[Collected data entries]
↓↓↓

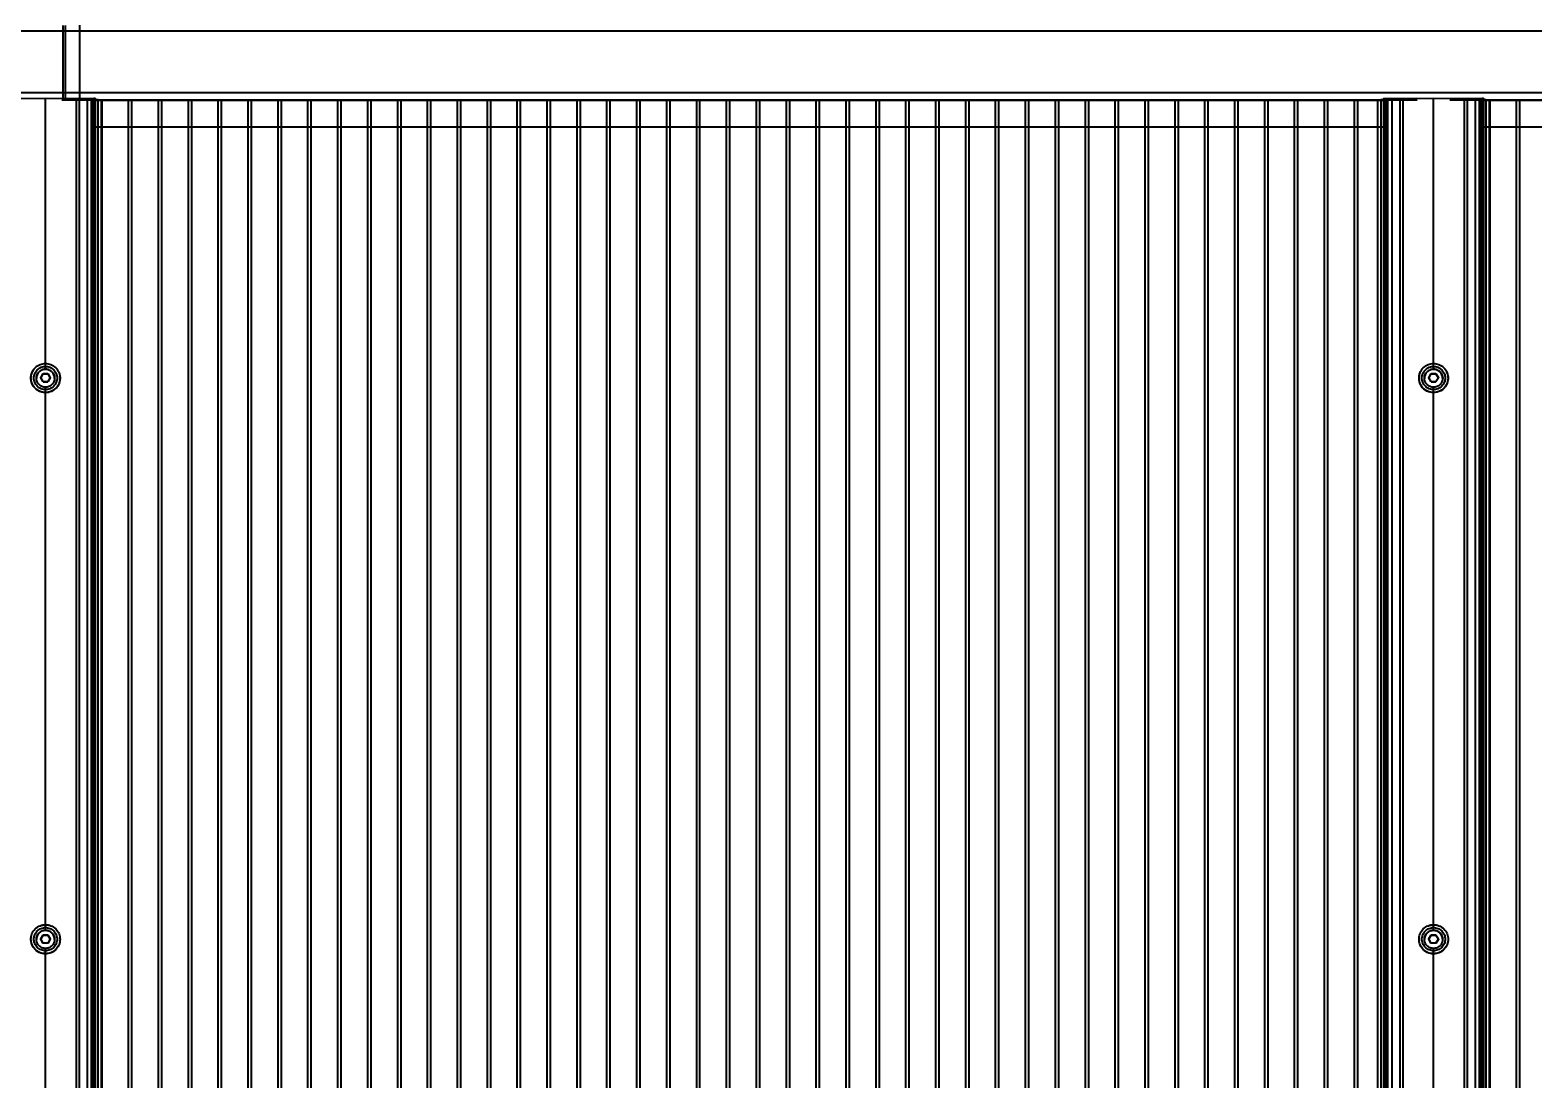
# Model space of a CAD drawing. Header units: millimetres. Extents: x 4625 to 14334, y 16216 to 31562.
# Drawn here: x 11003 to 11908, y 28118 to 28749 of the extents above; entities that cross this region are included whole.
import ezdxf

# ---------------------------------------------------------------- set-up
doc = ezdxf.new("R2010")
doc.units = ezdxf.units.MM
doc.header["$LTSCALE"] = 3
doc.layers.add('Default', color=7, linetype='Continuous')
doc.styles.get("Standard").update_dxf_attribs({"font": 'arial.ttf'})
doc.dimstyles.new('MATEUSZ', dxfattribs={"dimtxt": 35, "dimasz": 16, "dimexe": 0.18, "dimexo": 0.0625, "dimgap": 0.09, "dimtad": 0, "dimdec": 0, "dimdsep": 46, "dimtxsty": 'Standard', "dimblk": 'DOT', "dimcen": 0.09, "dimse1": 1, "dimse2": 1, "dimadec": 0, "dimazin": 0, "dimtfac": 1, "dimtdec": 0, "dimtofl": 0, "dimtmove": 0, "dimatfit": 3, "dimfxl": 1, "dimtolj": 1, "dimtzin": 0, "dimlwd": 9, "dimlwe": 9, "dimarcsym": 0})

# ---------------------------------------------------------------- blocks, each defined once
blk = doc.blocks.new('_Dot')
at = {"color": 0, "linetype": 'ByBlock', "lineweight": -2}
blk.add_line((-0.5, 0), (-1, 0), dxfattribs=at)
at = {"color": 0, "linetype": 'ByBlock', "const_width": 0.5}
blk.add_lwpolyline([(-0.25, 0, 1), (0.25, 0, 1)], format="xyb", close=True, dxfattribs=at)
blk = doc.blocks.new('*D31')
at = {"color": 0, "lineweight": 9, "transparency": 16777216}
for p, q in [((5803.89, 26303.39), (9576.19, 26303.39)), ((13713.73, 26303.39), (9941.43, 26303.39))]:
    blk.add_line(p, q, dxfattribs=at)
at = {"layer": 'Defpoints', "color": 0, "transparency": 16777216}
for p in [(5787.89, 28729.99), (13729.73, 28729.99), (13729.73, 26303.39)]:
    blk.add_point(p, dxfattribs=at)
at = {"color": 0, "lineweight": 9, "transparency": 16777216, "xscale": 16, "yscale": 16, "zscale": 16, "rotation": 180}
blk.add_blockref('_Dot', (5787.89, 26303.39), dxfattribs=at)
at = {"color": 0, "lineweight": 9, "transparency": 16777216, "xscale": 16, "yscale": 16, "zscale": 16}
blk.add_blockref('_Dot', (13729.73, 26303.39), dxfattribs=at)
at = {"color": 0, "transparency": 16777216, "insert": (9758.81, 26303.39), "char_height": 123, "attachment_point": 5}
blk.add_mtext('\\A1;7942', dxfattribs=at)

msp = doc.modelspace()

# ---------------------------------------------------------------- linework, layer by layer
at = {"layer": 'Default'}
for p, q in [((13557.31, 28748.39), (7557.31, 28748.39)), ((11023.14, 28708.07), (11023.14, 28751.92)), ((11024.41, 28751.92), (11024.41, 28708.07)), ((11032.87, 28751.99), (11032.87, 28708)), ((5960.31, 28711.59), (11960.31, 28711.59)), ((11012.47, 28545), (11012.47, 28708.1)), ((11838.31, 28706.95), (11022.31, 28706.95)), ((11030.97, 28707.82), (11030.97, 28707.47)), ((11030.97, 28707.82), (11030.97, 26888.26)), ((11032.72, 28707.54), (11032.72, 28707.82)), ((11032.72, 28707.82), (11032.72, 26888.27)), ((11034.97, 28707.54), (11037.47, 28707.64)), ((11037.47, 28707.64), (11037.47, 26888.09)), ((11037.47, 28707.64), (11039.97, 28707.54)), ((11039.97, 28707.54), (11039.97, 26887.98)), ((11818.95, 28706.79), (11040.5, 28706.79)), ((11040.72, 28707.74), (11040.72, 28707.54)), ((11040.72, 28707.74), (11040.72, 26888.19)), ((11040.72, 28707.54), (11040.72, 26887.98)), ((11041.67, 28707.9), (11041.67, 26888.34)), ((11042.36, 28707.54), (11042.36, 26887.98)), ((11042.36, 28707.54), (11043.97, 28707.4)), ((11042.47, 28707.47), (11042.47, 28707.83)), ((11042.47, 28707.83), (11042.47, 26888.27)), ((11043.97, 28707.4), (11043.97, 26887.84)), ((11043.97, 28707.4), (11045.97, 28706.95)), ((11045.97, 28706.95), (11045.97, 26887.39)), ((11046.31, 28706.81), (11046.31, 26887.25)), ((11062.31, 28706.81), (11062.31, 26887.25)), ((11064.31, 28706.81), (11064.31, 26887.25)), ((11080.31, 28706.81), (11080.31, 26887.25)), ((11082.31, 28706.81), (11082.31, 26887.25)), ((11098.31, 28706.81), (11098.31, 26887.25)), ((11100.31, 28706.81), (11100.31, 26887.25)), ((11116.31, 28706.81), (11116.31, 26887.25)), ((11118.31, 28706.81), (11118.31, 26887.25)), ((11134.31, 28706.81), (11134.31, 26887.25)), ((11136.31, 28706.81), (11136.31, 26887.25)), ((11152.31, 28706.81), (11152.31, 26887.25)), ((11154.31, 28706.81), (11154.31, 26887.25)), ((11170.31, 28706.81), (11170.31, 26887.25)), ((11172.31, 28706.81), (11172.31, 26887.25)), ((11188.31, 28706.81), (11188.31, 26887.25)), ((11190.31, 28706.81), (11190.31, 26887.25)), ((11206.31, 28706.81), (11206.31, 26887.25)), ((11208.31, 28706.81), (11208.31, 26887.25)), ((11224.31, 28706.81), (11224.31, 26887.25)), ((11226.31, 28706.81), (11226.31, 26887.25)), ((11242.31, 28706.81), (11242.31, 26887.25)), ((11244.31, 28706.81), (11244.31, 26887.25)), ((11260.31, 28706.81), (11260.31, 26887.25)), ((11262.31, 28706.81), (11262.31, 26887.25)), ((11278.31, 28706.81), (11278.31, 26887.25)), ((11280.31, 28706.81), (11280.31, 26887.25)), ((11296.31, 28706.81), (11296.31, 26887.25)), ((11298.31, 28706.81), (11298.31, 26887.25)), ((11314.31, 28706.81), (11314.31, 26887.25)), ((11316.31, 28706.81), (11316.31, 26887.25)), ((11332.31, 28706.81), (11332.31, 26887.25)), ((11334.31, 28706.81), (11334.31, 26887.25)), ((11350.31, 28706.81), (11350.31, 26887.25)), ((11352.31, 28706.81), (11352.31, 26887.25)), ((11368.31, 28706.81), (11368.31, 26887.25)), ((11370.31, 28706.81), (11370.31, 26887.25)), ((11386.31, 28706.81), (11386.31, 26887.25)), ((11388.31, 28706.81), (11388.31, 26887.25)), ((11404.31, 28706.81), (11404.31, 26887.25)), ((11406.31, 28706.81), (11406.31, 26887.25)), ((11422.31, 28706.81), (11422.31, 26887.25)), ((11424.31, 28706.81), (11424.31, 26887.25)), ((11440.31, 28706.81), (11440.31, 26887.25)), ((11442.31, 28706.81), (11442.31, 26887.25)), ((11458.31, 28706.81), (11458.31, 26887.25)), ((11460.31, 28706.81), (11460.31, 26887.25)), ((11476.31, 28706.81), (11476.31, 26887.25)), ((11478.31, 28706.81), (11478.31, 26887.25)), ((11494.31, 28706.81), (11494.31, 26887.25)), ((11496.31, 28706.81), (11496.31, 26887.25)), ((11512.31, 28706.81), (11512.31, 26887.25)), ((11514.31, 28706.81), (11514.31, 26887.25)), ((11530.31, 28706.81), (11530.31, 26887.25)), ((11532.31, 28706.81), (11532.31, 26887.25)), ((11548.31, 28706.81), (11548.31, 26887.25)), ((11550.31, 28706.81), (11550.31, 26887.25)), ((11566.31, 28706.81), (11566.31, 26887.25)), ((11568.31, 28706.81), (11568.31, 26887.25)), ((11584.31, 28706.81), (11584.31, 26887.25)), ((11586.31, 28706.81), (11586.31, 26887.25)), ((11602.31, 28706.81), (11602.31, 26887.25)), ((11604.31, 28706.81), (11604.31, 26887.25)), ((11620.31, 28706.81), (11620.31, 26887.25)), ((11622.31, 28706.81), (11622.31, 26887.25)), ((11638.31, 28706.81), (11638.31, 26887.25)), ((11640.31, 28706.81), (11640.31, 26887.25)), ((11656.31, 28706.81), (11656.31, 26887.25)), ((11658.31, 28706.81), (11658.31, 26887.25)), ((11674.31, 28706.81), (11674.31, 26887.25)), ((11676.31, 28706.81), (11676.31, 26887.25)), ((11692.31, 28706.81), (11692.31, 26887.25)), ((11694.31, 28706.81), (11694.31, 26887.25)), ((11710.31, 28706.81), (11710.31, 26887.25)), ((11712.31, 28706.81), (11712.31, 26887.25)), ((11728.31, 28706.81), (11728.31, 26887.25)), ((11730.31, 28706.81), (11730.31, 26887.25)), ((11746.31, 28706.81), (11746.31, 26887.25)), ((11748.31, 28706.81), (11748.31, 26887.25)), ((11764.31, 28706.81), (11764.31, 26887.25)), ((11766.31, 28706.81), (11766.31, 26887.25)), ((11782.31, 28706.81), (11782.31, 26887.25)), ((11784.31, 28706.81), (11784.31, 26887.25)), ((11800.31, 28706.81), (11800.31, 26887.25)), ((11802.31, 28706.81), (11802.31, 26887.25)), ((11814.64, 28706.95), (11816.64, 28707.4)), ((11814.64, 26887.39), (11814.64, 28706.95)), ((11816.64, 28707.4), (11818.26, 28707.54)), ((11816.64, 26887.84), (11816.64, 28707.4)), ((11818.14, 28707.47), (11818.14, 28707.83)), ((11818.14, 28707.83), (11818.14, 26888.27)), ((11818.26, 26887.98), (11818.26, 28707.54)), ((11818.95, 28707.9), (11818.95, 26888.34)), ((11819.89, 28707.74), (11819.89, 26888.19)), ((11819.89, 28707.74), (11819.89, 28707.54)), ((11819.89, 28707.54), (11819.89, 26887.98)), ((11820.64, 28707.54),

↑↑↑

» TASK INSTRUCTIONS
Return every line from the entries above that includes the word "linetype".

» EXERCISE SOLUTION
doc.layers.add('Default', color=7, linetype='Continuous')
at = {"color": 0, "linetype": 'ByBlock', "lineweight": -2}
at = {"color": 0, "linetype": 'ByBlock', "const_width": 0.5}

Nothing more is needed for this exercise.